LV – aos litigantes, em processo judicial ou administrativo, e aos acusados em geral são assegurados o contraditório e ampla defesa, com os meios e recursos a ela inerentes;

LVII – ninguém será considerado culpado até o trânsito em julgado de sentença penal condenatória;

LXIII – o preso será informado de seus direitos, entre os quais o de permanecer calado, sendo-lhe assegurada a assistência da família e de advogado;

                                  

                                   Tal direcionamento constitucional se desdobra no tão falado direito de que “ninguém é obrigado a produzir provas contra si mesmo”, corroborado no Pacto de São José da Costa Rica, ratificado no Brasil, e que em seu artigo 8º, 2, g), diz:

 

Art. 8º: Garantias judiciais

2. Toda pessoa acusada de um delito tem direito a que se presuma sua inocência, enquanto não for legalmente comprovada sua culpa.
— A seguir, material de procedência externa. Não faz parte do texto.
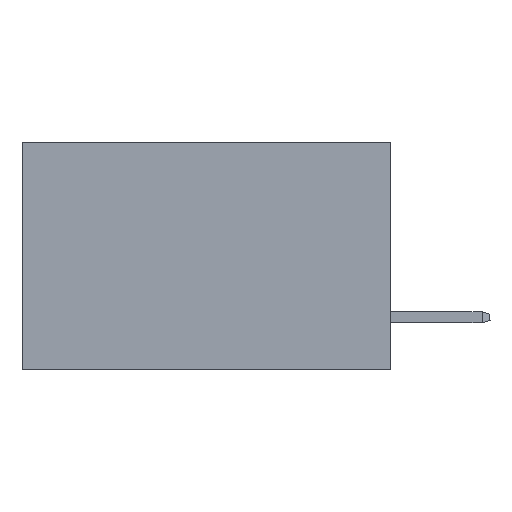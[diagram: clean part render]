
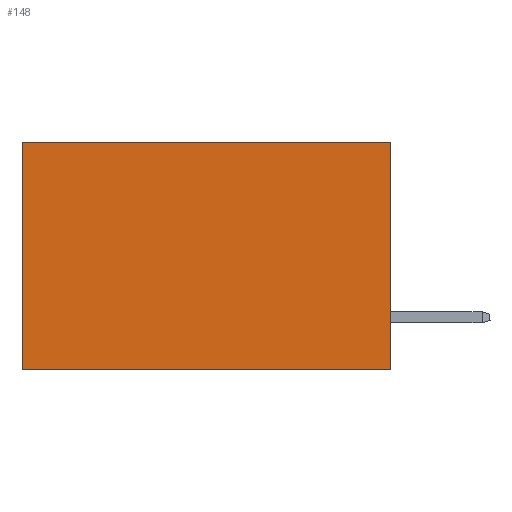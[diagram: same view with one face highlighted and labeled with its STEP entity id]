
A CAD part, left-side view. The second image highlights one B-rep face of the part: STEP entity #148.
In plain terms, the highlighted planar face has unit normal (-1, 0, 0).
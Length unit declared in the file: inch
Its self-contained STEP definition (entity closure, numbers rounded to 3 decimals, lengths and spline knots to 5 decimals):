
#148 = ADVANCED_FACE ( 'NONE', ( #9631 ), #13207, .F. ) ;
#1139 = LINE ( 'NONE', #11085, #10644 ) ;
#1669 = EDGE_CURVE ( 'NONE', #12908, #3872, #13602, .T. ) ;
#2049 = EDGE_CURVE ( 'NONE', #12600, #3872, #13904, .T. ) ;
#2419 = EDGE_LOOP ( 'NONE', ( #13105, #3412, #8235, #13901 ) ) ;
#2976 = EDGE_CURVE ( 'NONE', #11725, #12908, #1139, .T. ) ;
#3246 = DIRECTION ( 'NONE',  ( 0., 0., -1. ) ) ;
#3408 = DIRECTION ( 'NONE',  ( 0., 0., -1. ) ) ;
#3412 = ORIENTED_EDGE ( 'NONE', *, *, #2049, .F. ) ;
#3872 = VERTEX_POINT ( 'NONE', #12067 ) ;
#4009 = VECTOR ( 'NONE', #3408, 39.37008 ) ;
#5302 = CARTESIAN_POINT ( 'NONE',  ( 0.2875, 0.6, 0. ) ) ;
#6124 = CARTESIAN_POINT ( 'NONE',  ( 0.2875, 0., 0. ) ) ;
#7409 = DIRECTION ( 'NONE',  ( 0., 0., -1. ) ) ;
#7463 = LINE ( 'NONE', #9535, #13267 ) ;
#7956 = DIRECTION ( 'NONE',  ( 0., 1., 0. ) ) ;
#8235 = ORIENTED_EDGE ( 'NONE', *, *, #9104, .F. ) ;
#8481 = CARTESIAN_POINT ( 'NONE',  ( 0.2875, 0., -0.37 ) ) ;
#9104 = EDGE_CURVE ( 'NONE', #11725, #12600, #7463, .T. ) ;
#9535 = CARTESIAN_POINT ( 'NONE',  ( 0.2875, 0., 0. ) ) ;
#9631 = FACE_OUTER_BOUND ( 'NONE', #2419, .T. ) ;
#10644 = VECTOR ( 'NONE', #7956, 39.37008 ) ;
#10830 = CARTESIAN_POINT ( 'NONE',  ( 0.2875, 0., -0.37 ) ) ;
#11043 = VECTOR ( 'NONE', #11295, 39.37008 ) ;
#11085 = CARTESIAN_POINT ( 'NONE',  ( 0.2875, 0., 0. ) ) ;
#11295 = DIRECTION ( 'NONE',  ( 0., 1., 0. ) ) ;
#11725 = VERTEX_POINT ( 'NONE', #12659 ) ;
#12067 = CARTESIAN_POINT ( 'NONE',  ( 0.2875, 0.6, -0.37 ) ) ;
#12495 = AXIS2_PLACEMENT_3D ( 'NONE', #6124, #14223, #7409 ) ;
#12600 = VERTEX_POINT ( 'NONE', #10830 ) ;
#12659 = CARTESIAN_POINT ( 'NONE',  ( 0.2875, 0., 0. ) ) ;
#12908 = VERTEX_POINT ( 'NONE', #5302 ) ;
#13105 = ORIENTED_EDGE ( 'NONE', *, *, #1669, .T. ) ;
#13207 = PLANE ( 'NONE',  #12495 ) ;
#13267 = VECTOR ( 'NONE', #3246, 39.37008 ) ;
#13602 = LINE ( 'NONE', #15331, #4009 ) ;
#13901 = ORIENTED_EDGE ( 'NONE', *, *, #2976, .T. ) ;
#13904 = LINE ( 'NONE', #8481, #11043 ) ;
#14223 = DIRECTION ( 'NONE',  ( 1., 0., 0. ) ) ;
#15331 = CARTESIAN_POINT ( 'NONE',  ( 0.2875, 0.6, 0. ) ) ;

Durante o processo, toda pessoa tem direito, em plena igualdade, às seguintes garantias mínimas:

g) direito de não ser obrigada a depor contra si mesma, nem a confessar-se culpada;

 

                                   Notemos que o próprio legislador deixou elencados no artigo 60, §4º, IV da Constituição Federal o que chamamos de “cláusula pétreas”.

 

Art. 60:

§4º – Não será objeto de deliberação a proposta de emenda tendente a abolir:

IV – os direitos e garantias individuais

 

                                   No momento em que a Lei 11.705/08, popularmente conhecida como “Lei Seca”, positiva como obrigatória a passagem pelo teste de alcoolemia, exames clínicos, perícia ou outro exame que constate o nível alcoólico do condutor, é notadamente verificada uma ferida aberta e um texto contrário a todo o organograma constitucional, pautado nos princípios da ampla defesa, da presunção de inocência e no direito de permanecer calado frente à questionamento onde sua resposta pode vir a incriminá-lo.

 

                                   Fica, portanto, latente a agressão ao texto constitucional no §3º do artigo 277 do Código de Trânsito Brasileiro, acrescentado pela Lei 11.705/88. Deve-se evitar que tais absurdos legislativos tenham seus efeitos inconstitucionais efetivamente produzidos.

 

2 – artigo 306 do CTB

 

                                   O Código de Trânsito Brasileiro traz a seguinte redação em seu artigo 306:

 

Art. 306: Conduzir veículo automotor, na via pública, estando com concentração de álcool por litro de sangue igual ou superior a 6 (seis) decigramas, ou sob a influência de qualquer outra substância psicoativa que determine dependência:

Penas – detenção, de seis meses a três anos, multa e suspensão ou proibição de se obter a permissão ou a habilitação para dirigir veículo automotor.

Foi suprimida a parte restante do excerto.